WHAT YOU WILL DO: Pictures stay out; everything else from the first line of the entries down through the line with "#3=PRODUCT_CONTEXT('',#1,'mechanical');" gets copied exactly.

EXTRACTED RECORDS:

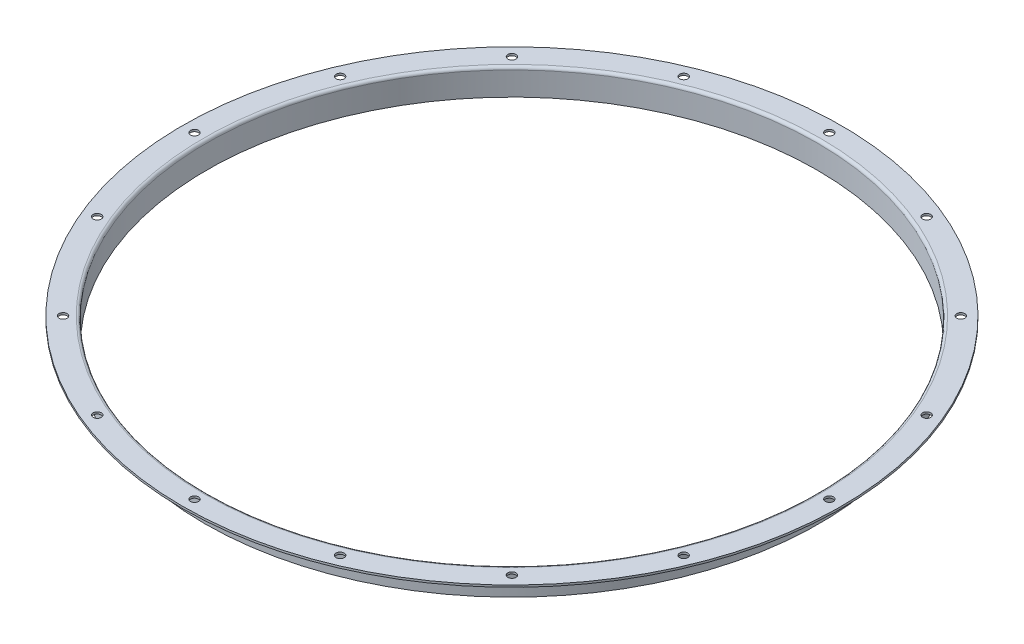
ISO-10303-21;
HEADER;
FILE_DESCRIPTION(('STEP AP214'),'2;1');
FILE_NAME('part.step','',(''),(''),'','','');
FILE_SCHEMA(('AUTOMOTIVE_DESIGN { 1 0 10303 214 1 1 1 1 }'));
ENDSEC;
DATA;
#1=APPLICATION_CONTEXT('core data for automotive mechanical design processes');
#2=APPLICATION_PROTOCOL_DEFINITION('international standard','automotive_design',2000,#1);
#3=PRODUCT_CONTEXT('',#1,'mechanical');
#4=PRODUCT('Part','Part','',(#3));
#5=PRODUCT_RELATED_PRODUCT_CATEGORY('part','',(#4));
#6=PRODUCT_DEFINITION_FORMATION('','',#4);
#7=PRODUCT_DEFINITION_CONTEXT('part definition',#1,'design');
#8=PRODUCT_DEFINITION('design','',#6,#7);
#9=PRODUCT_DEFINITION_SHAPE('','',#8);
#10=(LENGTH_UNIT() NAMED_UNIT(*) SI_UNIT(.MILLI.,.METRE.));
#11=(NAMED_UNIT(*) PLANE_ANGLE_UNIT() SI_UNIT($,.RADIAN.));
#12=(NAMED_UNIT(*) SI_UNIT($,.STERADIAN.) SOLID_ANGLE_UNIT());
#13=UNCERTAINTY_MEASURE_WITH_UNIT(LENGTH_MEASURE(1.E-05),#10,'distance_accuracy_value','');
#14=(GEOMETRIC_REPRESENTATION_CONTEXT(3) GLOBAL_UNCERTAINTY_ASSIGNED_CONTEXT((#13)) GLOBAL_UNIT_ASSIGNED_CONTEXT((#10,
#11,#12)) REPRESENTATION_CONTEXT('',''));
#15=CARTESIAN_POINT('',(0.,0.,0.));
#16=DIRECTION('',(0.,0.,1.));
#17=DIRECTION('',(1.,0.,0.));
#18=AXIS2_PLACEMENT_3D('',#15,#16,#17);
#19=CARTESIAN_POINT('',(0.,-2.5,0.));
#20=DIRECTION('',(0.,1.,0.));
#21=DIRECTION('',(0.,0.,1.));
#22=AXIS2_PLACEMENT_3D('',#19,#20,#21);
#23=PLANE('',#22);
#24=CARTESIAN_POINT('',(-149.820563770931,-2.5,-361.69883697816));
#25=DIRECTION('',(0.,1.,0.));
#26=DIRECTION('',(0.,0.,1.));
#27=AXIS2_PLACEMENT_3D('',#24,#25,#26);
#28=CIRCLE('',#27,5.00000000003186);
#29=CARTESIAN_POINT('',(-149.820563770931,-2.5,-356.698836978128));
#30=VERTEX_POINT('',#29);
#31=EDGE_CURVE('E138',#30,#30,#28,.T.);
#32=ORIENTED_EDGE('',*,*,#31,.T.);
#33=EDGE_LOOP('',(#32));
#34=FACE_BOUND('',#33,.T.);
#35=CARTESIAN_POINT('',(-276.832304834527,-2.5,-276.832304834518));
#36=DIRECTION('',(0.,1.,0.));
#37=DIRECTION('',(0.,0.,1.));
#38=AXIS2_PLACEMENT_3D('',#35,#36,#37);
#39=CIRCLE('',#38,5.00000000003186);
#40=CARTESIAN_POINT('',(-276.832304834527,-2.5,-271.832304834486));
#41=VERTEX_POINT('',#40);
#42=EDGE_CURVE('E304',#41,#41,#39,.T.);
#43=ORIENTED_EDGE('',*,*,#42,.T.);
#44=EDGE_LOOP('',(#43));
#45=FACE_BOUND('',#44,.T.);
#46=CARTESIAN_POINT('',(-361.698836978155,-2.5,-149.820563770912));
#47=DIRECTION('',(0.,1.,0.));
#48=DIRECTION('',(0.,0.,1.));
#49=AXIS2_PLACEMENT_3D('',#46,#47,#48);
#50=CIRCLE('',#49,5.00000000003186);
#51=CARTESIAN_POINT('',(-361.698836978155,-2.5,-144.82056377088));
#52=VERTEX_POINT('',#51);
#53=EDGE_CURVE('E302',#52,#52,#50,.T.);
#54=ORIENTED_EDGE('',*,*,#53,.T.);
#55=EDGE_LOOP('',(#54));
#56=FACE_BOUND('',#55,.T.);
#57=CARTESIAN_POINT('',(-391.499999999978,-2.5,2.22541984840063E-11));
#58=DIRECTION('',(0.,1.,0.));
#59=DIRECTION('',(0.,0.,1.));
#60=AXIS2_PLACEMENT_3D('',#57,#58,#59);
#61=CIRCLE('',#60,5.00000000003186);
#62=CARTESIAN_POINT('',(-391.499999999978,-2.5,5.00000000005411));
#63=VERTEX_POINT('',#62);
#64=EDGE_CURVE('E299',#63,#63,#61,.T.);
#65=ORIENTED_EDGE('',*,*,#64,.T.);
#66=EDGE_LOOP('',(#65));
#67=FACE_BOUND('',#66,.T.);
#68=CARTESIAN_POINT('',(-361.698836978138,-2.5,149.820563770953));
#69=DIRECTION('',(0.,1.,0.));
#70=DIRECTION('',(0.,0.,1.));
#71=AXIS2_PLACEMENT_3D('',#68,#69,#70);
#72=CIRCLE('',#71,5.00000000003186);
#73=CARTESIAN_POINT('',(-361.698836978138,-2.5,154.820563770985));
#74=VERTEX_POINT('',#73);
#75=EDGE_CURVE('E296',#74,#74,#72,.T.);
#76=ORIENTED_EDGE('',*,*,#75,.T.);
#77=EDGE_LOOP('',(#76));
#78=FACE_BOUND('',#77,.T.);
#79=CARTESIAN_POINT('',(-276.832304834495,-2.5,276.832304834549));
#80=DIRECTION('',(0.,1.,0.));
#81=DIRECTION('',(0.,0.,1.));
#82=AXIS2_PLACEMENT_3D('',#79,#80,#81);
#83=CIRCLE('',#82,5.00000000003186);
#84=CARTESIAN_POINT('',(-276.832304834495,-2.5,281.832304834581));
#85=VERTEX_POINT('',#84);
#86=EDGE_CURVE('E293',#85,#85,#83,.T.);
#87=ORIENTED_EDGE('',*,*,#86,.T.);
#88=EDGE_LOOP('',(#87));
#89=FACE_BOUND('',#88,.T.);
#90=CARTESIAN_POINT('',(-149.82056377089,-2.5,361.698836978177));
#91=DIRECTION('',(0.,1.,0.));
#92=DIRECTION('',(0.,0.,1.));
#93=AXIS2_PLACEMENT_3D('',#90,#91,#92);
#94=CIRCLE('',#93,5.00000000003186);
#95=CARTESIAN_POINT('',(-149.82056377089,-2.5,366.698836978209));
#96=VERTEX_POINT('',#95);
#97=EDGE_CURVE('E290',#96,#96,#94,.T.);
#98=ORIENTED_EDGE('',*,*,#97,.T.);
#99=EDGE_LOOP('',(#98));
#100=FACE_BOUND('',#99,.T.);
#101=CARTESIAN_POINT('',(4.45541564282418E-11,-2.5,391.5));
#102=DIRECTION('',(0.,1.,0.));
#103=DIRECTION('',(0.,0.,1.));
#104=AXIS2_PLACEMENT_3D('',#101,#102,#103);
#105=CIRCLE('',#104,5.00000000003188);
#106=CARTESIAN_POINT('',(4.45541564282418E-11,-2.5,396.500000000032));
#107=VERTEX_POINT('',#106);
#108=EDGE_CURVE('E287',#107,#107,#105,.T.);
#109=ORIENTED_EDGE('',*,*,#108,.T.);
#110=EDGE_LOOP('',(#109));
#111=FACE_BOUND('',#110,.T.);
#112=CARTESIAN_POINT('',(149.820563770976,-2.5,361.69883697816));
#113=DIRECTION('',(0.,1.,0.));
#114=DIRECTION('',(0.,0.,1.));
#115=AXIS2_PLACEMENT_3D('',#112,#113,#114);
#116=CIRCLE('',#115,5.00000000003186);
#117=CARTESIAN_POINT('',(149.820563770976,-2.5,366.698836978192));
#118=VERTEX_POINT('',#117);
#119=EDGE_CURVE('E284',#118,#118,#116,.T.);
#120=ORIENTED_EDGE('',*,*,#119,.T.);
#121=EDGE_LOOP('',(#120));
#122=FACE_BOUND('',#121,.T.);
#123=CARTESIAN_POINT('',(276.832304834571,-2.5,276.832304834518));
#124=DIRECTION('',(0.,1.,0.));
#125=DIRECTION('',(0.,0.,1.));
#126=AXIS2_PLACEMENT_3D('',#123,#124,#125);
#127=CIRCLE('',#126,5.00000000003186);
#128=CARTESIAN_POINT('',(276.832304834571,-2.5,281.83230483455));
#129=VERTEX_POINT('',#128);
#130=EDGE_CURVE('E281',#129,#129,#127,.T.);
#131=ORIENTED_EDGE('',*,*,#130,.T.);
#132=EDGE_LOOP('',(#131));
#133=FACE_BOUND('',#132,.T.);
#134=CARTESIAN_POINT('',(361.6988369782,-2.5,149.820563770912));
#135=DIRECTION('',(0.,1.,0.));
#136=DIRECTION('',(0.,0.,1.));
#137=AXIS2_PLACEMENT_3D('',#134,#135,#136);
#138=CIRCLE('',#137,5.00000000003186);
#139=CARTESIAN_POINT('',(361.6988369782,-2.5,154.820563770944));
#140=VERTEX_POINT('',#139);
#141=EDGE_CURVE('E278',#140,#140,#138,.T.);
#142=ORIENTED_EDGE('',*,*,#141,.T.);
#143=EDGE_LOOP('',(#142));
#144=FACE_BOUND('',#143,.T.);
#145=CARTESIAN_POINT('',(391.500000000022,-2.5,-2.22062535618197E-11));
#146=DIRECTION('',(0.,1.,0.));
#147=DIRECTION('',(0.,0.,1.));
#148=AXIS2_PLACEMENT_3D('',#145,#146,#147);
#149=CIRCLE('',#148,5.00000000003186);
#150=CARTESIAN_POINT('',(391.500000000022,-2.5,5.00000000000965));
#151=VERTEX_POINT('',#150);
#152=EDGE_CURVE('E275',#151,#151,#149,.T.);
#153=ORIENTED_EDGE('',*,*,#152,.T.);
#154=EDGE_LOOP('',(#153));
#155=FACE_BOUND('',#154,.T.);
#156=CARTESIAN_POINT('',(361.698836978183,-2.5,-149.820563770953));
#157=DIRECTION('',(0.,1.,0.));
#158=DIRECTION('',(0.,0.,1.));
#159=AXIS2_PLACEMENT_3D('',#156,#157,#158);
#160=CIRCLE('',#159,5.00000000003186);
#161=CARTESIAN_POINT('',(361.698836978183,-2.5,-144.820563770921));
#162=VERTEX_POINT('',#161);
#163=EDGE_CURVE('E266',#162,#162,#160,.T.);
#164=ORIENTED_EDGE('',*,*,#163,.T.);
#165=EDGE_LOOP('',(#164));
#166=FACE_BOUND('',#165,.T.);
#167=CARTESIAN_POINT('',(1.4164930460234E-13,-2.5,-391.5));
#168=DIRECTION('',(0.,1.,0.));
#169=DIRECTION('',(0.,0.,1.));
#170=AXIS2_PLACEMENT_3D('',#167,#168,#169);
#171=CIRCLE('',#170,5.00000000003188);
#172=CARTESIAN_POINT('',(1.4164930460234E-13,-2.5,-386.499999999968));
#173=VERTEX_POINT('',#172);
#174=EDGE_CURVE('E262',#173,#173,#171,.T.);
#175=ORIENTED_EDGE('',*,*,#174,.T.);
#176=EDGE_LOOP('',(#175));
#177=FACE_BOUND('',#176,.T.);
#178=CARTESIAN_POINT('',(276.83230483454,-2.5,-276.832304834549));
#179=DIRECTION('',(0.,1.,0.));
#180=DIRECTION('',(0.,0.,1.));
#181=AXIS2_PLACEMENT_3D('',#178,#179,#180);
#182=CIRCLE('',#181,5.00000000003186);
#183=CARTESIAN_POINT('',(276.83230483454,-2.5,-271.832304834517));
#184=VERTEX_POINT('',#183);
#185=EDGE_CURVE('E260',#184,#184,#182,.T.);
#186=ORIENTED_EDGE('',*,*,#185,.T.);
#187=EDGE_LOOP('',(#186));
#188=FACE_BOUND('',#187,.T.);
#189=CARTESIAN_POINT('',(149.820563770934,-2.5,-361.698836978177));
#190=DIRECTION('',(0.,1.,0.));
#191=DIRECTION('',(0.,0.,1.));
#192=AXIS2_PLACEMENT_3D('',#189,#190,#191);
#193=CIRCLE('',#192,5.00000000003186);
#194=CARTESIAN_POINT('',(149.820563770934,-2.5,-356.698836978145));
#195=VERTEX_POINT('',#194);
#196=EDGE_CURVE('E263',#195,#195,#193,.T.);
#197=ORIENTED_EDGE('',*,*,#196,.T.);
#198=EDGE_LOOP('',(#197));
#199=FACE_BOUND('',#198,.T.);
#200=CARTESIAN_POINT('',(0.,-2.5,0.));
#201=DIRECTION('',(0.,1.,0.));
#202=DIRECTION('',(0.,0.,1.));
#203=AXIS2_PLACEMENT_3D('',#200,#201,#202);
#204=CIRCLE('',#203,406.5);
#205=CARTESIAN_POINT('',(0.,-2.5,406.5));
#206=VERTEX_POINT('',#205);
#207=EDGE_CURVE('E95',#206,#206,#204,.T.);
#208=ORIENTED_EDGE('',*,*,#207,.F.);
#209=EDGE_LOOP('',(#208));
#210=FACE_BOUND('',#209,.T.);
#211=CARTESIAN_POINT('',(0.,-2.5,0.));
#212=DIRECTION('',(0.,1.,0.));
#213=DIRECTION('',(0.,0.,1.));
#214=AXIS2_PLACEMENT_3D('',#211,#212,#213);
#215=CIRCLE('',#214,380.);
#216=CARTESIAN_POINT('',(0.,-2.5,380.));
#217=VERTEX_POINT('',#216);
#218=EDGE_CURVE('E12',#217,#217,#215,.F.);
#219=ORIENTED_EDGE('',*,*,#218,.F.);
#220=EDGE_LOOP('',(#219));
#221=FACE_BOUND('',#220,.T.);
#222=ADVANCED_FACE('F87',(#34,#45,#56,#67,#78,#89,#100,#111,#122,#133,#144,#155,#166,#177,#188,
#199,#210,#221),#23,.F.);
#223=CARTESIAN_POINT('',(0.,0.,0.));
#224=DIRECTION('',(0.,1.,0.));
#225=DIRECTION('',(0.,0.,1.));
#226=AXIS2_PLACEMENT_3D('',#223,#224,#225);
#227=PLANE('',#226);
#228=CARTESIAN_POINT('',(-149.820563770931,0.,-361.69883697816));
#229=DIRECTION('',(0.,1.,0.));
#230=DIRECTION('',(0.,0.,1.));
#231=AXIS2_PLACEMENT_3D('',#228,#229,#230);
#232=CIRCLE('',#231,5.00000000003186);
#233=CARTESIAN_POINT('',(-149.820563770931,0.,-356.698836978128));
#234=VERTEX_POINT('',#233);
#235=EDGE_CURVE('E353',#234,#234,#232,.T.);
#236=ORIENTED_EDGE('',*,*,#235,.F.);
#237=EDGE_LOOP('',(#236));
#238=FACE_BOUND('',#237,.T.);
#239=CARTESIAN_POINT('',(-276.832304834527,0.,-276.832304834518));
#240=DIRECTION('',(0.,1.,0.));
#241=DIRECTION('',(0.,0.,1.));
#242=AXIS2_PLACEMENT_3D('',#239,#240,#241);
#243=CIRCLE('',#242,5.00000000003186);
#244=CARTESIAN_POINT('',(-276.832304834527,0.,-271.832304834486));
#245=VERTEX_POINT('',#244);
#246=EDGE_CURVE('E356',#245,#245,#243,.T.);
#247=ORIENTED_EDGE('',*,*,#246,.F.);
#248=EDGE_LOOP('',(#247));
#249=FACE_BOUND('',#248,.T.);
#250=CARTESIAN_POINT('',(-361.698836978155,0.,-149.820563770912));
#251=DIRECTION('',(0.,1.,0.));
#252=DIRECTION('',(0.,0.,1.));
#253=AXIS2_PLACEMENT_3D('',#250,#251,#252);
#254=CIRCLE('',#253,5.00000000003186);
#255=CARTESIAN_POINT('',(-361.698836978155,0.,-144.82056377088));
#256=VERTEX_POINT('',#255);
#257=EDGE_CURVE('E359',#256,#256,#254,.T.);
#258=ORIENTED_EDGE('',*,*,#257,.F.);
#259=EDGE_LOOP('',(#258));
#260=FACE_BOUND('',#259,.T.);
#261=CARTESIAN_POINT('',(-391.499999999978,0.,2.22541984840063E-11));
#262=DIRECTION('',(0.,1.,0.));
#263=DIRECTION('',(0.,0.,1.));
#264=AXIS2_PLACEMENT_3D('',#261,#262,#263);
#265=CIRCLE('',#264,5.00000000003186);
#266=CARTESIAN_POINT('',(-391.499999999978,0.,5.00000000005411));
#267=VERTEX_POINT('',#266);
#268=EDGE_CURVE('E362',#267,#267,#265,.T.);
#269=ORIENTED_EDGE('',*,*,#268,.F.);
#270=EDGE_LOOP('',(#269));
#271=FACE_BOUND('',#270,.T.);
#272=CARTESIAN_POINT('',(-361.698836978138,0.,149.820563770953));
#273=DIRECTION('',(0.,1.,0.));
#274=DIRECTION('',(0.,0.,1.));
#275=AXIS2_PLACEMENT_3D('',#272,#273,#274);
#276=CIRCLE('',#275,5.00000000003186);
#277=CARTESIAN_POINT('',(-361.698836978138,0.,154.820563770985));
#278=VERTEX_POINT('',#277);
#279=EDGE_CURVE('E365',#278,#278,#276,.T.);
#280=ORIENTED_EDGE('',*,*,#279,.F.);
#281=EDGE_LOOP('',(#280));
#282=FACE_BOUND('',#281,.T.);
#283=CARTESIAN_POINT('',(-276.832304834495,0.,276.832304834549));
#284=DIRECTION('',(0.,1.,0.));
#285=DIRECTION('',(0.,0.,1.));
#286=AXIS2_PLACEMENT_3D('',#283,#284,#285);
#287=CIRCLE('',#286,5.00000000003186);
#288=CARTESIAN_POINT('',(-276.832304834495,0.,281.832304834581));
#289=VERTEX_POINT('',#288);
#290=EDGE_CURVE('E368',#289,#289,#287,.T.);
#291=ORIENTED_EDGE('',*,*,#290,.F.);
#292=EDGE_LOOP('',(#291));
#293=FACE_BOUND('',#292,.T.);
#294=CARTESIAN_POINT('',(-149.82056377089,0.,361.698836978177));
#295=DIRECTION('',(0.,1.,0.));
#296=DIRECTION('',(0.,0.,1.));
#297=AXIS2_PLACEMENT_3D('',#294,#295,#296);
#298=CIRCLE('',#297,5.00000000003186);
#299=CARTESIAN_POINT('',(-149.82056377089,0.,366.698836978209));
#300=VERTEX_POINT('',#299);
#301=EDGE_CURVE('E371',#300,#300,#298,.T.);
#302=ORIENTED_EDGE('',*,*,#301,.F.);
#303=EDGE_LOOP('',(#302));
#304=FACE_BOUND('',#303,.T.);
#305=CARTESIAN_POINT('',(4.45541564282418E-11,0.,391.5));
#306=DIRECTION('',(0.,1.,0.));
#307=DIRECTION('',(0.,0.,1.));
#308=AXIS2_PLACEMENT_3D('',#305,#306,#307);
#309=CIRCLE('',#308,5.00000000003188);
#310=CARTESIAN_POINT('',(4.45541564282418E-11,0.,396.500000000032));
#311=VERTEX_POINT('',#310);
#312=EDGE_CURVE('E374',#311,#311,#309,.T.);
#313=ORIENTED_EDGE('',*,*,#312,.F.);
#314=EDGE_LOOP('',(#313));
#315=FACE_BOUND('',#314,.T.);
#316=CARTESIAN_POINT('',(149.820563770976,0.,361.69883697816));
#317=DIRECTION('',(0.,1.,0.));
#318=DIRECTION('',(0.,0.,1.));
#319=AXIS2_PLACEMENT_3D('',#316,#317,#318);
#320=CIRCLE('',#319,5.00000000003186);
#321=CARTESIAN_POINT('',(149.820563770976,0.,366.698836978192));
#322=VERTEX_POINT('',#321);
#323=EDGE_CURVE('E377',#322,#322,#320,.T.);
#324=ORIENTED_EDGE('',*,*,#323,.F.);
#325=EDGE_LOOP('',(#324));
#326=FACE_BOUND('',#325,.T.);
#327=CARTESIAN_POINT('',(276.832304834571,0.,276.832304834518));
#328=DIRECTION('',(0.,1.,0.));
#329=DIRECTION('',(0.,0.,1.));
#330=AXIS2_PLACEMENT_3D('',#327,#328,#329);
#331=CIRCLE('',#330,5.00000000003186);
#332=CARTESIAN_POINT('',(276.832304834571,0.,281.83230483455));
#333=VERTEX_POINT('',#332);
#334=EDGE_CURVE('E380',#333,#333,#331,.T.);
#335=ORIENTED_EDGE('',*,*,#334,.F.);
#336=EDGE_LOOP('',(#335));
#337=FACE_BOUND('',#336,.T.);
#338=CARTESIAN_POINT('',(361.6988369782,0.,149.820563770912));
#339=DIRECTION('',(0.,1.,0.));
#340=DIRECTION('',(0.,0.,1.));
#341=AXIS2_PLACEMENT_3D('',#338,#339,#340);
#342=CIRCLE('',#341,5.00000000003186);
#343=CARTESIAN_POINT('',(361.6988369782,0.,154.820563770944));
#344=VERTEX_POINT('',#343);
#345=EDGE_CURVE('E383',#344,#344,#342,.T.);
#346=ORIENTED_EDGE('',*,*,#345,.F.);
#347=EDGE_LOOP('',(#346));
#348=FACE_BOUND('',#347,.T.);
#349=CARTESIAN_POINT('',(391.500000000022,0.,-2.22062535618197E-11));
#350=DIRECTION('',(0.,1.,0.));
#351=DIRECTION('',(0.,0.,1.));
#352=AXIS2_PLACEMENT_3D('',#349,#350,#351);
#353=CIRCLE('',#352,5.00000000003186);
#354=CARTESIAN_POINT('',(391.500000000022,0.,5.00000000000965));
#355=VERTEX_POINT('',#354);
#356=EDGE_CURVE('E386',#355,#355,#353,.T.);
#357=ORIENTED_EDGE('',*,*,#356,.F.);
#358=EDGE_LOOP('',(#357));
#359=FACE_BOUND('',#358,.T.);
#360=CARTESIAN_POINT('',(361.698836978183,0.,-149.820563770953));
#361=DIRECTION('',(0.,1.,0.));
#362=DIRECTION('',(0.,0.,1.));
#363=AXIS2_PLACEMENT_3D('',#360,#361,#362);
#364=CIRCLE('',#363,5.00000000003186);
#365=CARTESIAN_POINT('',(361.698836978183,0.,-144.820563770921));
#366=VERTEX_POINT('',#365);
#367=EDGE_CURVE('E389',#366,#366,#364,.T.);
#368=ORIENTED_EDGE('',*,*,#367,.F.);
#369=EDGE_LOOP('',(#368));
#370=FACE_BOUND('',#369,.T.);
#371=CARTESIAN_POINT('',(1.4164930460234E-13,0.,-391.5));
#372=DIRECTION('',(0.,1.,0.));
#373=DIRECTION('',(0.,0.,1.));
#374=AXIS2_PLACEMENT_3D('',#371,#372,#373);
#375=CIRCLE('',#374,5.00000000003188);
#376=CARTESIAN_POINT('',(1.4164930460234E-13,0.,-386.499999999968));
#377=VERTEX_POINT('',#376);
#378=EDGE_CURVE('E392',#377,#377,#375,.T.);
#379=ORIENTED_EDGE('',*,*,#378,.F.);
#380=EDGE_LOOP('',(#379));
#381=FACE_BOUND('',#380,.T.);
#382=CARTESIAN_POINT('',(276.83230483454,0.,-276.832304834549));
#383=DIRECTION('',(0.,1.,0.));
#384=DIRECTION('',(0.,0.,1.));
#385=AXIS2_PLACEMENT_3D('',#382,#383,#384);
#386=CIRCLE('',#385,5.00000000003186);
#387=CARTESIAN_POINT('',(276.83230483454,0.,-271.832304834517));
#388=VERTEX_POINT('',#387);
#389=EDGE_CURVE('E257',#388,#388,#386,.T.);
#390=ORIENTED_EDGE('',*,*,#389,.F.);
#391=EDGE_LOOP('',(#390));
#392=FACE_BOUND('',#391,.T.);
#393=CARTESIAN_POINT('',(149.820563770934,0.,-361.698836978177));
#394=DIRECTION('',(0.,1.,0.));
#395=DIRECTION('',(0.,0.,1.));
#396=AXIS2_PLACEMENT_3D('',#393,#394,#395);
#397=CIRCLE('',#396,5.00000000003186);
#398=CARTESIAN_POINT('',(149.820563770934,0.,-356.698836978145));
#399=VERTEX_POINT('',#398);
#400=EDGE_CURVE('E269',#399,#399,#397,.T.);
#401=ORIENTED_EDGE('',*,*,#400,.F.);
#402=EDGE_LOOP('',(#401));
#403=FACE_BOUND('',#402,.T.);
#404=CARTESIAN_POINT('',(0.,0.,0.));
#405=DIRECTION('',(0.,1.,0.));
#406=DIRECTION('',(0.,0.,1.));
#407=AXIS2_PLACEMENT_3D('',#404,#405,#406);
#408=CIRCLE('',#407,406.5);
#409=CARTESIAN_POINT('',(0.,0.,406.5));
#410=VERTEX_POINT('',#409);
#411=EDGE_CURVE('E151',#410,#410,#408,.T.);
#412=ORIENTED_EDGE('',*,*,#411,.T.);
#413=EDGE_LOOP('',(#412));
#414=FACE_BOUND('',#413,.T.);
#415=CARTESIAN_POINT('',(0.,0.,0.));
#416=DIRECTION('',(0.,1.,0.));
#417=DIRECTION('',(0.,0.,1.));
#418=AXIS2_PLACEMENT_3D('',#415,#416,#417);
#419=CIRCLE('',#418,380.);
#420=CARTESIAN_POINT('',(0.,0.,380.));
#421=VERTEX_POINT('',#420);
#422=EDGE_CURVE('E102',#421,#421,#419,.T.);
#423=ORIENTED_EDGE('',*,*,#422,.F.);
#424=EDGE_LOOP('',(#423));
#425=FACE_BOUND('',#424,.T.);
#426=ADVANCED_FACE('F156',(#238,#249,#260,#271,#282,#293,#304,#315,#326,#337,#348,#359,#370,
#381,#392,#403,#414,#425),#227,.T.);
#427=CARTESIAN_POINT('',(0.,-2.5,0.));
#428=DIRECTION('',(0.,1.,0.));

RESPONSE BOX:
ISO-10303-21;
HEADER;
FILE_DESCRIPTION(('STEP AP214'),'2;1');
FILE_NAME('part.step','',(''),(''),'','','');
FILE_SCHEMA(('AUTOMOTIVE_DESIGN { 1 0 10303 214 1 1 1 1 }'));
ENDSEC;
DATA;
#1=APPLICATION_CONTEXT('core data for automotive mechanical design processes');
#2=APPLICATION_PROTOCOL_DEFINITION('international standard','automotive_design',2000,#1);
#3=PRODUCT_CONTEXT('',#1,'mechanical');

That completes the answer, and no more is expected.